Task objective >> Your task is to retype, word for word, the lines from the start of the data through the line holding "me_cylinder = bpy.data.meshes.new('Cylinder')". Do not include the pictures.

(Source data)
Content starts

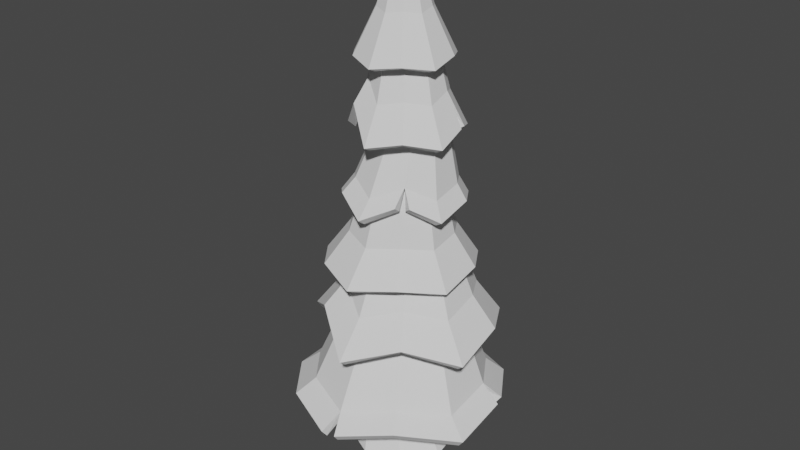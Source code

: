 # Source: CrismasTree2.blend  (saved by Blender 3.3.6; exported with 4.5.12 LTS)
import bpy
from mathutils import Matrix  # noqa: F401  (used for matrix-valued properties, if any)

bpy.ops.wm.read_factory_settings(use_empty=True)
scene = bpy.context.scene
scene.name = 'Scene'

# ---- collections
col_collection = bpy.data.collections.new('Collection'); scene.collection.children.link(col_collection)

# ---- world
world_world = bpy.data.worlds.new('World'); scene.world = world_world
world_world.use_nodes = True; world_world.node_tree.nodes.clear()
_N = world_world.node_tree.nodes; _L = world_world.node_tree.links
n0 = _N.new('ShaderNodeOutputWorld'); n0.name = 'World Output'; n0.location = (300, 300)
n1 = _N.new('ShaderNodeBackground'); n1.name = 'Background'; n1.location = (10, 300)
n1.inputs[0].default_value = (0.05088, 0.05088, 0.05088, 1.0)
_L.new(n1.outputs[0], n0.inputs[0])
n0.is_active_output = True
world_world.color = (0.05088, 0.05088, 0.05088)
world_world.use_sun_shadow = False
world_world.sun_shadow_jitter_overblur = 0.0

# ---- meshes
me_cylinder = bpy.data.meshes.new('Cylinder')
me_cylinder.from_pydata([(8.056e-10, 1.07, -1.0), (-0.3455, 0.5522, 1.301), (0.7564, 0.7564, -1.0), (0.1569, 0.3441, 1.301), (1.07, 8.056e-10, -1.0), (0.365, -0.1584, 1.301), (0.7564, -0.7564, -1.0), (0.1569, -0.6608, 1.301), (8.056e-10, -1.07, -1.0), (-0.3455, -0.8689, 1.301), (-0.7564, -0.7564, -1.0), (-0.848, -0.6608, 1.301), (-1.07, 8.056e-10, -1.0), (-1.056, -0.1584, 1.301), (-0.7564, 0.7564, -1.0), (-0.848, 0.3441, 1.301), (0.2082, 0.6762, 2.614), (-0.3273, 0.898, 2.614), (0.43, 0.1408, 2.614), (0.2082, -0.3947, 2.614), (-0.3273, -0.6165, 2.614), (-0.8627, -0.3947, 2.614), (-1.085, 0.1408, 2.614), (-0.8627, 0.6762, 2.614), (0.3947, 0.2821, 6.059), (0.05982, 0.4209, 6.059), (0.5335, -0.05278, 6.059), (0.3947, -0.3877, 6.059), (0.05982, -0.5264, 6.059), (-0.2751, -0.3877, 6.059), (-0.4138, -0.05278, 6.059), (-0.2751, 0.2821, 6.059), (-0.01826, 0.2738, 8.78), (-0.1513, 0.3289, 8.78), (0.03685, 0.1408, 8.78), (-0.01826, 0.007708, 8.78), (-0.1513, -0.0474, 8.78), (-0.2844, 0.007708, 8.78), (-0.3395, 0.1408, 8.78), (-0.2844, 0.2738, 8.78), (0.04237, -0.01136, 10.04), (0.0187, -0.001556, 10.04), (0.05218, -0.03504, 10.04), (0.04237, -0.05871, 10.04), (0.0187, -0.06852, 10.04), (-0.004978, -0.05871, 10.04), (-0.01478, -0.03504, 10.04), (-0.004978, -0.01136, 10.04), (-0.8665, 0.3695, 4.297), (-0.6862, 0.8047, 4.297), (-0.251, -0.246, 4.297), (-0.6862, -0.06571, 4.297), (0.3644, 0.3695, 4.297), (0.1842, -0.06571, 4.297), (-0.251, 0.985, 4.297), (0.1842, 0.8047, 4.297), (0.0575, -0.07564, 7.429), (-0.03942, 0.1584, 7.429), (0.5255, -0.07564, 7.429), (0.2915, -0.1726, 7.429), (0.5255, 0.3923, 7.429), (0.6224, 0.1584, 7.429), (0.0575, 0.3923, 7.429), (0.2915, 0.4893, 7.429), (-0.2689, 0.7658, 0.178), (0.2726, 0.5415, 0.178), (0.4969, 4.182e-08, 0.178), (0.2726, -0.5415, 0.178), (-0.2689, -0.7658, 0.178), (-0.8105, -0.5415, 0.178), (-1.035, 4.182e-08, 0.178), (-0.8105, 0.5415, 0.178), (-0.03503, 1.669, 0.2992), (-1.024, 1.41, 0.1736), (-1.621, 0.5127, 0.3088), (-1.657, -0.5385, 0.1736), (-1.016, -1.35, 0.3054), (0.0, -1.743, 0.1736), (0.9299, -1.34, 0.3264), (1.657, -0.5385, 0.1736), (1.562, 0.5166, 0.2884), (1.024, 1.41, 0.1736), (-0.3226, 1.061, 1.33), (-0.9547, 0.8553, 1.33), (-1.345, 0.3176, 1.33), (-1.345, -0.3471, 1.33), (-0.9547, -0.8848, 1.33), (-0.3226, -1.09, 1.33), (0.3096, -0.8848, 1.33), (0.7002, -0.3471, 1.33), (0.7002, 0.3176, 1.33), (0.3096, 0.8553, 1.33), (-0.1891, 3.052, 1.148), (-2.027, 2.54, 1.016), (-3.063, 0.735, 1.154), (-3.162, -0.9531, 1.016), (-1.959, -2.409, 1.168), (-0.3919, -3.032, 1.034), (1.523, -2.313, 1.306), (2.78, -0.9531, 1.016), (2.674, 0.7808, 1.17), (1.646, 2.54, 1.016), (-0.1613, 1.467, 3.62), (-0.8654, 1.238, 3.62), (-1.301, 0.639, 3.62), (-1.301, -0.1014, 3.62), (-0.8654, -0.7003, 3.62), (-0.1613, -0.9291, 3.62), (0.5428, -0.7003, 3.62), (0.978, -0.1014, 3.62), (0.978, 0.639, 3.62), (0.5428, 1.238, 3.62), (-1.456e-08, 2.656, 2.731), (-1.599, 2.25, 2.566), (-2.425, 0.8507, 2.795), (-2.588, -0.7919, 2.566), (-1.35, -1.774, 3.135), (-1.438e-08, -2.672, 2.566), (1.431, -1.898, 2.948), (2.588, -0.7919, 2.566), (2.426, 0.8509, 2.793), (1.599, 2.25, 2.566), (-1.71e-08, 1.117, 4.975), (-0.5416, 0.9409, 4.975), (-0.8763, 0.4802, 4.975), (-0.8763, -0.08922, 4.975), (-0.5416, -0.5499, 4.975), (-1.71e-08, -0.7259, 4.975), (0.5416, -0.5499, 4.975), (0.8763, -0.08922, 4.975), (0.8763, 0.4802, 4.975), (0.5416, 0.9409, 4.975), (-0.1662, 2.071, 4.128), (-1.487, 1.838, 3.834), (-2.151, 0.7023, 4.026), (-2.279, -0.6006, 3.834), (-1.426, -1.639, 3.966), (-0.2053, -2.108, 3.834), (1.045, -1.627, 3.996), (1.869, -0.6006, 3.834), (1.805, 0.7099, 3.993), (1.077, 1.838, 3.834), (0.1188, 0.7315, 6.27), (-0.3542, 0.5778, 6.27), (-0.6466, 0.1754, 6.27), (-0.6466, -0.322, 6.27), (-0.3542, -0.7244, 6.27), (0.1188, -0.8781, 6.27), (0.5918, -0.7244, 6.27), (0.8842, -0.322, 6.27), (0.8842, 0.1754, 6.27), (0.5918, 0.5778, 6.27), (-0.3333, 1.654, 5.342), (-1.13, 1.463, 5.171), (-1.693, 0.5666, 5.318), (-1.618, -0.6917, 5.223), (-1.03, -1.308, 5.416), (-0.08485, -1.754, 5.171), (1.051, -1.117, 5.475), (1.607, -0.5252, 5.171), (1.568, 0.5664, 5.323), (0.9606, 1.463, 5.171), (0.28, 0.7631, 7.512), (-0.03925, 0.6594, 7.512), (-0.2366, 0.3878, 7.512), (-0.2366, 0.05209, 7.512), (-0.03925, -0.2195, 7.512), (0.28, -0.3232, 7.512), (0.5993, -0.2195, 7.512), (0.7966, 0.05209, 7.512), (0.7966, 0.3878, 7.512), (0.5993, 0.6594, 7.512), (-0.004805, 1.626, 6.608), (-0.9544, 1.35, 6.524), (-1.529, 0.5355, 6.563), (-1.544, -0.4651, 6.524), (-0.8292, -1.02, 7.089), (1.03e-09, -1.587, 6.524), (0.9033, -1.208, 6.676), (1.544, -0.4651, 6.524), (1.45, 0.4146, 6.71), (0.9544, 1.35, 6.524), (-0.1273, 0.7621, 8.751), (-0.4603, 0.6539, 8.751), (-0.6662, 0.3706, 8.751), (-0.6662, 0.0204, 8.751), (-0.4603, -0.2629, 8.751), (-0.1273, -0.3711, 8.751), (0.2058, -0.2629, 8.751), (0.4116, 0.0204, 8.751), (0.4116, 0.3706, 8.751), (0.2058, 0.6539, 8.751), (-0.09909, 1.317, 8.093), (-0.9089, 1.197, 7.856), (-1.349, 0.497, 7.952), (-1.402, -0.3221, 7.856), (-0.8796, -0.9701, 7.936), (-0.1103, -1.261, 7.856), (0.6647, -0.9674, 7.943), (1.182, -0.3221, 7.856), (1.13, 0.494, 7.966), (0.6883, 1.197, 7.856), (2.65e-08, 0.0821, 10.19), (-0.05544, 0.06408, 10.19), (-0.0897, 0.01693, 10.19), (-0.0897, -0.04136, 10.19), (-0.05544, -0.08852, 10.19), (2.65e-08, -0.1065, 10.19), (0.05544, -0.08852, 10.19), (0.0897, -0.04136, 10.19), (0.0897, 0.01693, 10.19), (0.05544, 0.06408, 10.19), (-1.682, 2.102, 1.349), (-2.519, 0.8157, 1.469), (2.139, 0.8144, 1.479), (1.306, 2.102, 1.349), (-0.1876, -2.496, 1.349), (1.212, -1.855, 1.572), (-2.605, -0.7394, 1.349), (-0.1864, 2.522, 1.451), (2.23, -0.7394, 1.349), (-1.629, -1.928, 1.466), (-1.88, -0.5174, 3.255), (-1.001, -1.263, 3.62), (0.0006374, 1.998, 3.362), (-1.161, 1.693, 3.255), (1.881, -0.5174, 3.255), (1.777, 0.6796, 3.401), (0.0006374, -1.883, 3.255), (-1.775, 0.6795, 3.402), (1.163, 1.693, 3.255), (1.055, -1.343, 3.501), (-0.08675, 1.422, 4.724), (-0.9935, 1.245, 4.548), (1.319, -0.4351, 4.548), (1.28, 0.4713, 4.644), (-0.9567, -1.155, 4.627), (-0.1102, -1.473, 4.548), (-1.462, 0.4667, 4.663), (0.7731, 1.245, 4.548), (0.7539, -1.148, 4.645), (-1.539, -0.4351, 4.548), (-0.8025, -1.032, 5.706), (-0.03066, -1.388, 5.521), (-0.8785, 1.221, 5.521), (-1.34, 0.4946, 5.632), (1.312, 0.4944, 5.636), (0.8172, 1.221, 5.521), (0.7892, -0.9897, 5.804), (-1.403, -0.3913, 5.521), (-0.003223, 1.435, 5.697), (1.341, -0.3913, 5.521), (0.9763, 0.428, 7.329), (0.6286, 1.005, 7.202), (-0.0384, -1.048, 7.202), (0.5976, -0.7892, 7.295), (-1.108, 0.4358, 7.226), (-1.118, -0.2638, 7.202), (-0.04133, 1.201, 7.253), (1.041, -0.2638, 7.202), (-0.6293, -0.675, 7.545), (-0.7054, 1.005, 7.202), (-0.7473, 0.2741, 8.789), (-0.7757, -0.1745, 8.738), (0.3684, 0.6567, 8.738), (-0.0627, 0.7249, 8.863), (0.356, -0.5283, 8.784), (0.6385, -0.1745, 8.738), (-0.4902, -0.5297, 8.78), (-0.5056, 0.6567, 8.738), (0.6113, 0.2725, 8.796), (-0.06862, -0.6882, 8.738), (0.03284, -3.008, 1.054), (2.553, 1.128, 1.167), (0.04374, 1.698, 5.382), (0.7564, -1.335, 5.483), (-1.758, -0.2899, 5.202), (-3.015, 1.064, 1.172), (1.359, 0.657, 6.699), (-0.04152, 1.427, 0.2292), (-0.8838, 1.203, 0.1212), (-1.379, 0.4312, 0.2696), (-1.415, -0.4569, 0.1353), (-0.8732, -1.143, 0.2557), (-0.007607, -1.5, 0.1061), (0.7894, -1.155, 0.2433), (1.442, -0.4728, 0.08159), (1.348, 0.4484, 0.1958), (0.8833, 1.227, 0.08863), (-0.3131, 0.8184, 1.262), (-0.8005, 0.6572, 1.279), (-1.101, 0.2421, 1.291), (-1.101, -0.2706, 1.292), (-0.8003, -0.6856, 1.282), (-0.313, -0.8464, 1.265), (0.1785, -0.6915, 1.248), (0.4864, -0.2744, 1.238), (0.4868, 0.2458, 1.238), (0.1789, 0.6635, 1.246), (-0.189, 2.885, 1.008), (-1.93, 2.402, 0.8767), (-2.897, 0.7486, 1.014), (-3.007, -0.9017, 0.8739), (-1.868, -2.283, 1.022), (-0.3542, -2.874, 0.8908), (1.435, -2.192, 1.157), (2.623, -0.9088, 0.8744), (2.507, 0.7956, 1.03), (1.547, 2.401, 0.8781), (-0.1617, 1.219, 3.561), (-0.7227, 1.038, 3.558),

Content ends

The answer >>
Source code

: # Source: CrismasTree2.blend  (saved by Blender 3.3.6; exported with 4.5.12 LTS)
import bpy
from mathutils import Matrix  # noqa: F401  (used for matrix-valued properties, if any)

bpy.ops.wm.read_factory_settings(use_empty=True)
scene = bpy.context.scene
scene.name = 'Scene'

# ---- collections
col_collection = bpy.data.collections.new('Collection'); scene.collection.children.link(col_collection)

# ---- world
world_world = bpy.data.worlds.new('World'); scene.world = world_world
world_world.use_nodes = True; world_world.node_tree.nodes.clear()
_N = world_world.node_tree.nodes; _L = world_world.node_tree.links
n0 = _N.new('ShaderNodeOutputWorld'); n0.name = 'World Output'; n0.location = (300, 300)
n1 = _N.new('ShaderNodeBackground'); n1.name = 'Background'; n1.location = (10, 300)
n1.inputs[0].default_value = (0.05088, 0.05088, 0.05088, 1.0)
_L.new(n1.outputs[0], n0.inputs[0])
n0.is_active_output = True
world_world.color = (0.05088, 0.05088, 0.05088)
world_world.use_sun_shadow = False
world_world.sun_shadow_jitter_overblur = 0.0

# ---- meshes
me_cylinder = bpy.data.meshes.new('Cylinder')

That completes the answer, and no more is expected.